» **To do**
Set down the data below from its first line to the line holding "Bike2DOF : Subsystem", inclusive; omit all pictures.
*** Begin section ***
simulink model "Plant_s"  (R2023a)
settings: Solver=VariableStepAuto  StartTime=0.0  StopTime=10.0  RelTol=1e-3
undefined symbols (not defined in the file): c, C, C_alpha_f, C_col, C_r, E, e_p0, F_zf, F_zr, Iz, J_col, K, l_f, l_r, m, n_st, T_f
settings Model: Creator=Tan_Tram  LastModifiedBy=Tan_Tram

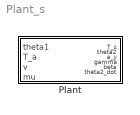
== system Plant_s ==
  Plant : Subsystem

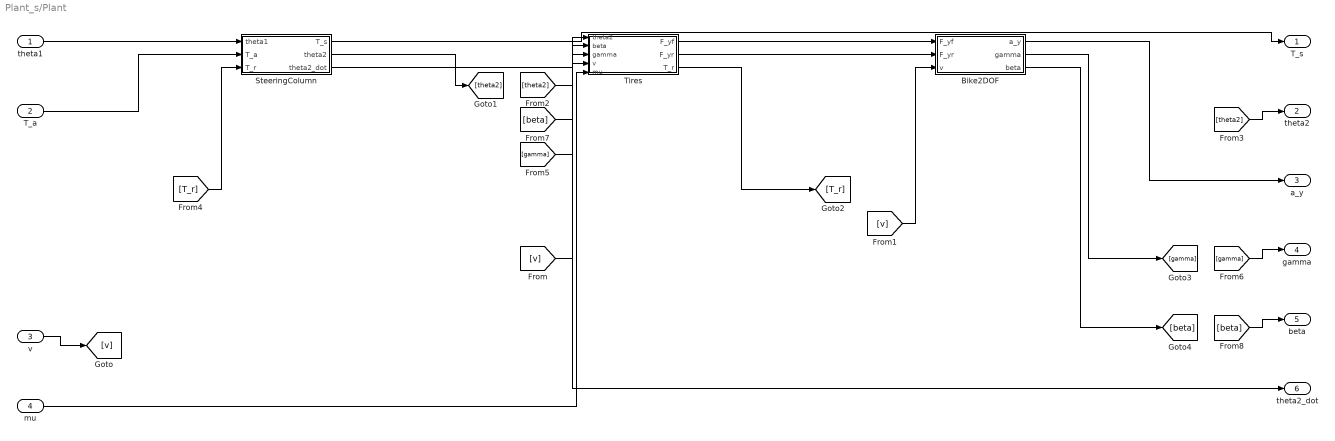
== system Plant_s/Plant ==
  theta1 : Inport
  T_a : Inport  Port=2
  v : Inport  Port=3
  mu : Inport  Port=4
  Bike2DOF : Subsystem
  SteeringColumn : Subsystem
  Tires : Subsystem
  T_s : Outport
  theta2 : Outport  Port=2
  a_y : Outport  Port=3
  gamma : Outport  Port=4
  beta : Outport  Port=5
  theta2_dot : Outport  Port=6
  wires:
  theta1/1 -> SteeringColumn/1(theta1)
  T_a/1 -> SteeringColumn/2(T_a)
  mu/1 -> Tires/5(mu)
  Tires/1(F_yf) -> Bike2DOF/1(F_yf)
  Tires/2(F_yr) -> Bike2DOF/2(F_yr)
  SteeringColumn/1(T_s) -> T_s/1
  Bike2DOF/1(a_y) -> a_y/1
  SteeringColumn/3(theta2_dot) -> theta2_dot/1
  v/1 -> [v]
  [v] -> Tires/4(v)
  [v] -> Bike2DOF/3(v)
  SteeringColumn/2(theta2) -> [theta2]
  [theta2] -> Tires/1(theta2)
  [theta2] -> theta2/1
  Tires/3(T_r) -> [T_r]
  [T_r] -> SteeringColumn/3(T_r)
  Bike2DOF/2(gamma) -> [gamma]
  [gamma] -> Tires/3(gamma)
  [gamma] -> gamma/1
  Bike2DOF/3(beta) -> [beta]
  [beta] -> Tires/2(beta)
  [beta] -> beta/1

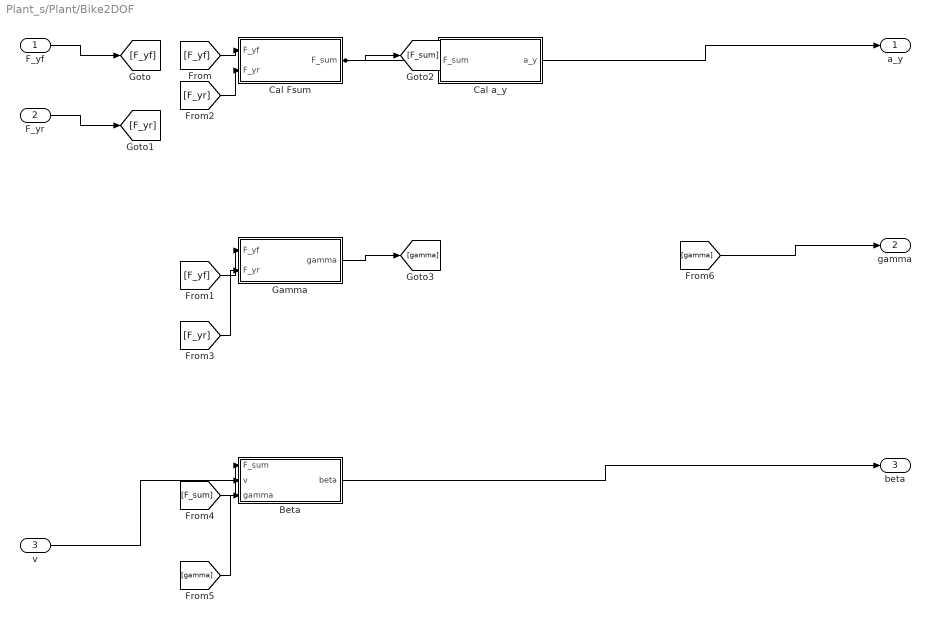
== system Plant_s/Plant/Bike2DOF ==
  F_yf : Inport
  F_yr : Inport  Port=2
  v : Inport  Port=3
  Beta : Subsystem
  Cal Fsum : Subsystem
  Cal a_y : Subsystem
  Gamma : Subsystem
  a_y : Outport
  gamma : Outport  Port=2
  beta : Outport  Port=3
  wires:
  Beta/1(beta) -> beta/1
  v/1 -> Beta/2(v)
  [gamma] -> gamma/1
  [gamma] -> Beta/3(gamma)
  Gamma/1(gamma) -> [gamma]
  Cal a_y/1(a_y) -> a_y/1
  [F_sum] -> Beta/1(F_sum)
  Cal Fsum/1(F_sum) -> [F_sum], Cal a_y/1(F_sum)
  [F_yr] -> Gamma/2(F_yr)
  [F_yr] -> Cal Fsum/2(F_yr)
  F_yr/1 -> [F_yr]
  [F_yf] -> Gamma/1(F_yf)
  [F_yf] -> Cal Fsum/1(F_yf)
  F_yf/1 -> [F_yf]

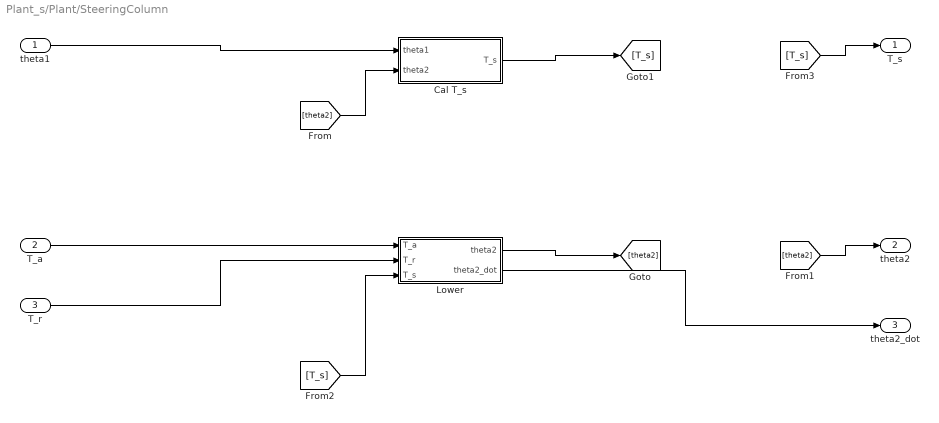
== system Plant_s/Plant/SteeringColumn ==
  theta1 : Inport
  T_a : Inport  Port=2
  T_r : Inport  Port=3
  Cal T_s : Subsystem
  Lower : Subsystem
  T_s : Outport
  theta2 : Outport  Port=2
  theta2_dot : Outport  Port=3
  wires:
  [T_s] -> T_s/1
  [T_s] -> Lower/3(T_s)
  Cal T_s/1(T_s) -> [T_s]
  [theta2] -> theta2/1
  [theta2] -> Cal T_s/2(theta2)
  Lower/1(theta2) -> [theta2]
  Lower/2(theta2_dot) -> theta2_dot/1
  T_r/1 -> Lower/2(T_r)
  T_a/1 -> Lower/1(T_a)
  theta1/1 -> Cal T_s/1(theta1)

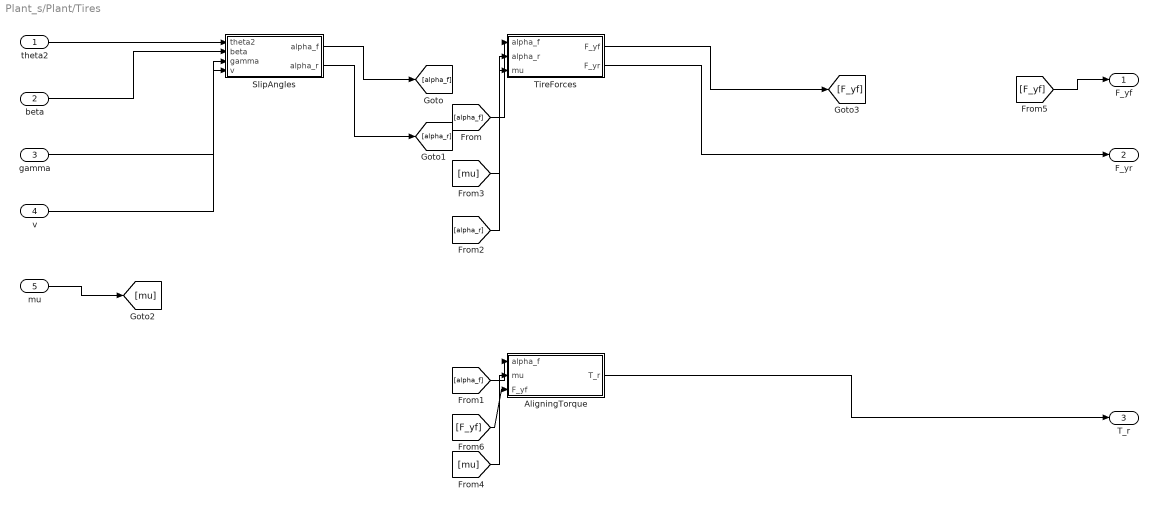
== system Plant_s/Plant/Tires ==
  theta2 : Inport
  beta : Inport  Port=2
  gamma : Inport  Port=3
  v : Inport  Port=4
  mu : Inport  Port=5
  AligningTorque : Subsystem
  SlipAngles : Subsystem
  TireForces : Subsystem
  F_yf : Outport
  F_yr : Outport  Port=2
  T_r : Outport  Port=3
  wires:
  AligningTorque/1(T_r) -> T_r/1
  TireForces/2(F_yr) -> F_yr/1
  [F_yf] -> AligningTorque/3(F_yf)
  [F_yf] -> F_yf/1
  TireForces/1(F_yf) -> [F_yf]
  [mu] -> AligningTorque/2(mu)
  [mu] -> TireForces/3(mu)
  mu/1 -> [mu]
  [alpha_r] -> TireForces/2(alpha_r)
  SlipAngles/2(alpha_r) -> [alpha_r]
  [alpha_f] -> AligningTorque/1(alpha_f)
  [alpha_f] -> TireForces/1(alpha_f)
  SlipAngles/1(alpha_f) -> [alpha_f]
  v/1 -> SlipAngles/4(v)
  gamma/1 -> SlipAngles/3(gamma)
  beta/1 -> SlipAngles/2(beta)
  theta2/1 -> SlipAngles/1(theta2)

== system Plant_s/Plant/Bike2DOF/Beta ==
  F_sum : Inport
  v : Inport  Port=2
  gamma : Inport  Port=3
  Constant : Constant  Value=m
  Div_Fsum_mv : Product  Inputs=*/
  Int_beta : Integrator
  Prod_mv : Product  Inputs=**
  Sum_betadot : Sum  Inputs=+-
  beta : Outport
  wires:
  Int_beta/1 -> beta/1
  Sum_betadot/1 -> Int_beta/1
  gamma/1 -> Sum_betadot/2
  Div_Fsum_mv/1 -> Sum_betadot/1
  Prod_mv/1 -> Div_Fsum_mv/2
  F_sum/1 -> Div_Fsum_mv/1
  v/1 -> Prod_mv/2
  Constant/1 -> Prod_mv/1

== system Plant_s/Plant/Bike2DOF/Cal Fsum ==
  F_yf : Inport
  F_yr : Inport  Port=2
  Sum_Fsum : Sum
  F_sum : Outport
  wires:
  Sum_Fsum/1 -> F_sum/1
  F_yr/1 -> Sum_Fsum/2
  F_yf/1 -> Sum_Fsum/1

== system Plant_s/Plant/Bike2DOF/Cal a_y ==
  F_sum : Inport
  Constant : Constant  Value=m
  Div_ay : Product  Inputs=*/
  a_y : Outport
  wires:
  Div_ay/1 -> a_y/1
  Constant/1 -> Div_ay/2
  F_sum/1 -> Div_ay/1

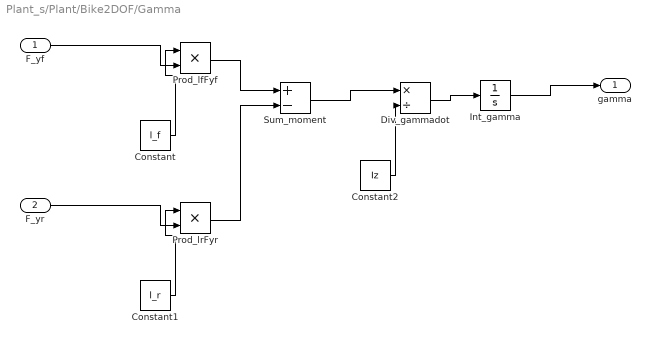
== system Plant_s/Plant/Bike2DOF/Gamma ==
  F_yf : Inport
  F_yr : Inport  Port=2
  Constant : Constant  Value=l_f
  Constant1 : Constant  Value=l_r
  Constant2 : Constant  Value=Iz
  Div_gammadot : Product  Inputs=*/
  Int_gamma : Integrator
  Prod_lfFyf : Product  Inputs=**
  Prod_lrFyr : Product  Inputs=**
  Sum_moment : Sum  Inputs=+-
  gamma : Outport
  wires:
  Int_gamma/1 -> gamma/1
  Div_gammadot/1 -> Int_gamma/1
  Constant2/1 -> Div_gammadot/2
  Sum_moment/1 -> Div_gammadot/1
  Prod_lrFyr/1 -> Sum_moment/2
  Prod_lfFyf/1 -> Sum_moment/1
  F_yr/1 -> Prod_lrFyr/2
  Constant1/1 -> Prod_lrFyr/1
  F_yf/1 -> Prod_lfFyf/2
  Constant/1 -> Prod_lfFyf/1

== system Plant_s/Plant/SteeringColumn/Cal T_s ==
  theta1 : Inport
  theta2 : Inport  Port=2
  Constant : Constant  Value=K
  Prod_Ts : Product  Inputs=**
  Sum_dTheta : Sum  Inputs=+-
  T_s : Outport
  wires:
  Prod_Ts/1 -> T_s/1
  Constant/1 -> Prod_Ts/2
  Sum_dTheta/1 -> Prod_Ts/1
  theta2/1 -> Sum_dTheta/2
  theta1/1 -> Sum_dTheta/1

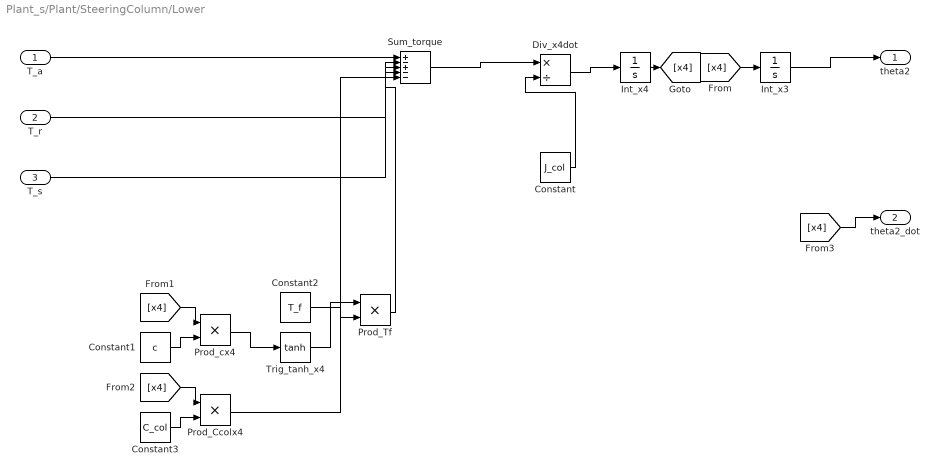
== system Plant_s/Plant/SteeringColumn/Lower ==
  T_a : Inport
  T_r : Inport  Port=2
  T_s : Inport  Port=3
  Constant : Constant  Value=J_col
  Constant1 : Constant  Value=c
  Constant2 : Constant  Value=T_f
  Constant3 : Constant  Value=C_col
  Div_x4dot : Product  Inputs=*/
  Int_x3 : Integrator
  Int_x4 : Integrator
  Prod_Ccolx4 : Product  Inputs=**
  Prod_Tf : Product  Inputs=**
  Prod_cx4 : Product  Inputs=**
  Sum_torque : Sum  Inputs=+-+--
  Trig_tanh_x4 : Trigonometry  Operator=tanh
  theta2 : Outport
  theta2_dot : Outport  Port=2
  wires:
  [x4] -> theta2_dot/1
  Int_x3/1 -> theta2/1
  [x4] -> Int_x3/1
  Div_x4dot/1 -> Int_x4/1
  Constant/1 -> Div_x4dot/2
  Sum_torque/1 -> Div_x4dot/1
  Prod_Ccolx4/1 -> Sum_torque/5
  Prod_Tf/1 -> Sum_torque/4
  T_s/1 -> Sum_torque/3
  T_r/1 -> Sum_torque/2
  T_a/1 -> Sum_torque/1
  Constant3/1 -> Prod_Ccolx4/2
  [x4] -> Prod_Ccolx4/1
  Constant2/1 -> Prod_Tf/2
  Trig_tanh_x4/1 -> Prod_Tf/1
  Prod_cx4/1 -> Trig_tanh_x4/1
  Constant1/1 -> Prod_cx4/2
  [x4] -> Prod_cx4/1
  Int_x4/1 -> [x4]

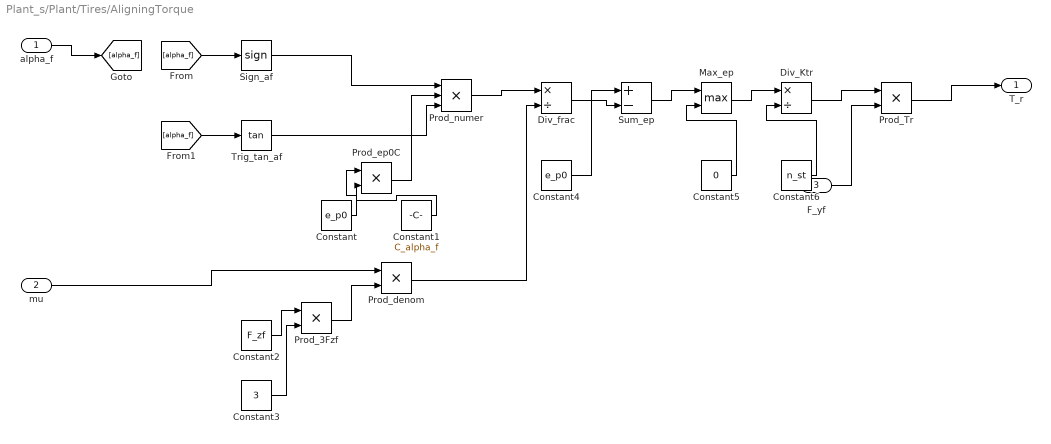
== system Plant_s/Plant/Tires/AligningTorque ==
  alpha_f : Inport
  mu : Inport  Port=2
  F_yf : Inport  Port=3
  Constant : Constant  Value=e_p0
  Constant1 : Constant  Value=C_alpha_f
  Constant2 : Constant  Value=F_zf
  Constant3 : Constant  Value=3
  Constant4 : Constant  Value=e_p0
  Constant5 : Constant  Value=0
  Constant6 : Constant  Value=n_st
  Div_Ktr : Product  Inputs=*/
  Div_frac : Product  Inputs=*/
  Max_ep : MinMax  Function=max  Inputs=2
  Prod_3Fzf : Product  Inputs=**
  Prod_Tr : Product  Inputs=**
  Prod_denom : Product  Inputs=**
  Prod_ep0C : Product  Inputs=**
  Prod_numer : Product  Inputs=***
  Sign_af : Signum
  Sum_ep : Sum  Inputs=+-
  Trig_tan_af : Trigonometry  Operator=tan
  T_r : Outport
  wires:
  Prod_Tr/1 -> T_r/1
  F_yf/1 -> Prod_Tr/2
  Div_Ktr/1 -> Prod_Tr/1
  Constant6/1 -> Div_Ktr/2
  Max_ep/1 -> Div_Ktr/1
  Constant5/1 -> Max_ep/2
  Sum_ep/1 -> Max_ep/1
  Div_frac/1 -> Sum_ep/2
  Constant4/1 -> Sum_ep/1
  Prod_denom/1 -> Div_frac/2
  Prod_numer/1 -> Div_frac/1
  Prod_3Fzf/1 -> Prod_denom/2
  mu/1 -> Prod_denom/1
  Constant3/1 -> Prod_3Fzf/2
  Constant2/1 -> Prod_3Fzf/1
  Trig_tan_af/1 -> Prod_numer/3
  Prod_ep0C/1 -> Prod_numer/2
  Sign_af/1 -> Prod_numer/1
  Constant1/1 -> Prod_ep0C/2
  Constant/1 -> Prod_ep0C/1
  [alpha_f] -> Trig_tan_af/1
  [alpha_f] -> Sign_af/1
  alpha_f/1 -> [alpha_f]

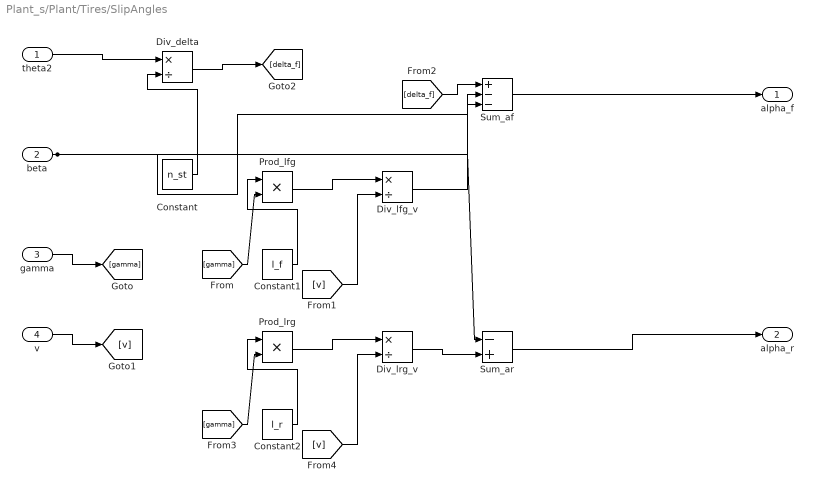
== system Plant_s/Plant/Tires/SlipAngles ==
  theta2 : Inport
  beta : Inport  Port=2
  gamma : Inport  Port=3
  v : Inport  Port=4
  Constant : Constant  Value=n_st
  Constant1 : Constant  Value=l_f
  Constant2 : Constant  Value=l_r
  Div_delta : Product  Inputs=*/
  Div_lfg_v : Product  Inputs=*/
  Div_lrg_v : Product  Inputs=*/
  Prod_lfg : Product  Inputs=**
  Prod_lrg : Product  Inputs=**
  Sum_af : Sum  Inputs=+--
  Sum_ar : Sum  Inputs=-+
  alpha_f : Outport
  alpha_r : Outport  Port=2
  wires:
  Sum_ar/1 -> alpha_r/1
  Div_lrg_v/1 -> Sum_ar/2
  [v] -> Div_lrg_v/2
  Prod_lrg/1 -> Div_lrg_v/1
  [gamma] -> Prod_lrg/2
  Constant2/1 -> Prod_lrg/1
  Sum_af/1 -> alpha_f/1
  Div_lfg_v/1 -> Sum_af/3
  beta/1 -> Sum_ar/1, Sum_af/2
  [delta_f] -> Sum_af/1
  Div_delta/1 -> [delta_f]
  [v] -> Div_lfg_v/2
  Prod_lfg/1 -> Div_lfg_v/1
  [gamma] -> Prod_lfg/2
  Constant1/1 -> Prod_lfg/1
  Constant/1 -> Div_delta/2
  theta2/1 -> Div_delta/1
  v/1 -> [v]
  gamma/1 -> [gamma]

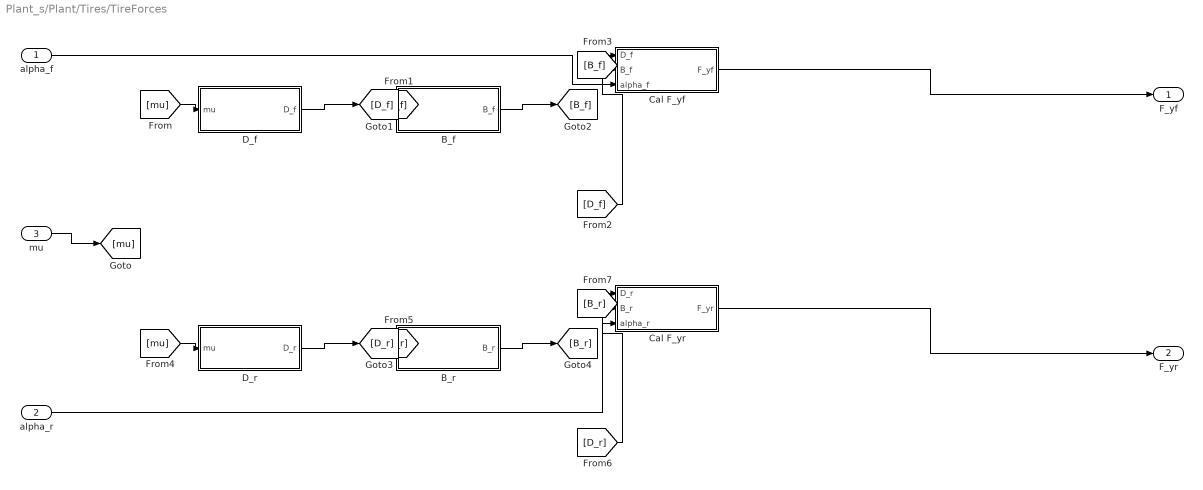
== system Plant_s/Plant/Tires/TireForces ==
  alpha_f : Inport
  alpha_r : Inport  Port=2
  mu : Inport  Port=3
  B_f : Subsystem
  B_r : Subsystem
  Cal F_yf : Subsystem
  Cal F_yr : Subsystem
  D_f : Subsystem
  D_r : Subsystem
  F_yf : Outport
  F_yr : Outport  Port=2
  wires:
  Cal F_yr/1(F_yr) -> F_yr/1
  alpha_r/1 -> Cal F_yr/3(alpha_r)
  [B_r] -> Cal F_yr/2(B_r)
  B_r/1(B_r) -> [B_r]
  [D_r] -> Cal F_yr/1(D_r)
  [D_r] -> B_r/1(D_r)
  D_r/1(D_r) -> [D_r]
  [mu] -> D_r/1(mu)
  Cal F_yf/1(F_yf) -> F_yf/1
  alpha_f/1 -> Cal F_yf/3(alpha_f)
  [B_f] -> Cal F_yf/2(B_f)
  B_f/1(B_f) -> [B_f]
  [D_f] -> Cal F_yf/1(D_f)
  [D_f] -> B_f/1(D_f)
  D_f/1(D_f) -> [D_f]
  [mu] -> D_f/1(mu)
  mu/1 -> [mu]

== system Plant_s/Plant/Tires/TireForces/B_f ==
  D_f : Inport
  Constant : Constant  Value=C
  Constant1 : Constant  Value=C_alpha_f
  Div_B : Product  Inputs=*/
  Prod_CD : Product  Inputs=**
  B_f : Outport
  wires:
  Div_B/1 -> B_f/1
  Prod_CD/1 -> Div_B/2
  Constant1/1 -> Div_B/1
  Constant/1 -> Prod_CD/2
  D_f/1 -> Prod_CD/1

== system Plant_s/Plant/Tires/TireForces/B_r ==
  D_r : Inport
  Constant : Constant  Value=C
  Constant1 : Constant  Value=C_r
  Div_B : Product  Inputs=*/
  Prod_CD : Product  Inputs=**
  B_r : Outport
  wires:
  Div_B/1 -> B_r/1
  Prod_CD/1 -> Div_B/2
*** End section ***
» **Solution to the problem**
simulink model "Plant_s"  (R2023a)
settings: Solver=VariableStepAuto  StartTime=0.0  StopTime=10.0  RelTol=1e-3
undefined symbols (not defined in the file): c, C, C_alpha_f, C_col, C_r, E, e_p0, F_zf, F_zr, Iz, J_col, K, l_f, l_r, m, n_st, T_f
settings Model: Creator=Tan_Tram  LastModifiedBy=Tan_Tram

== system Plant_s ==
  Plant : Subsystem

== system Plant_s/Plant ==
  theta1 : Inport
  T_a : Inport  Port=2
  v : Inport  Port=3
  mu : Inport  Port=4
  Bike2DOF : Subsystem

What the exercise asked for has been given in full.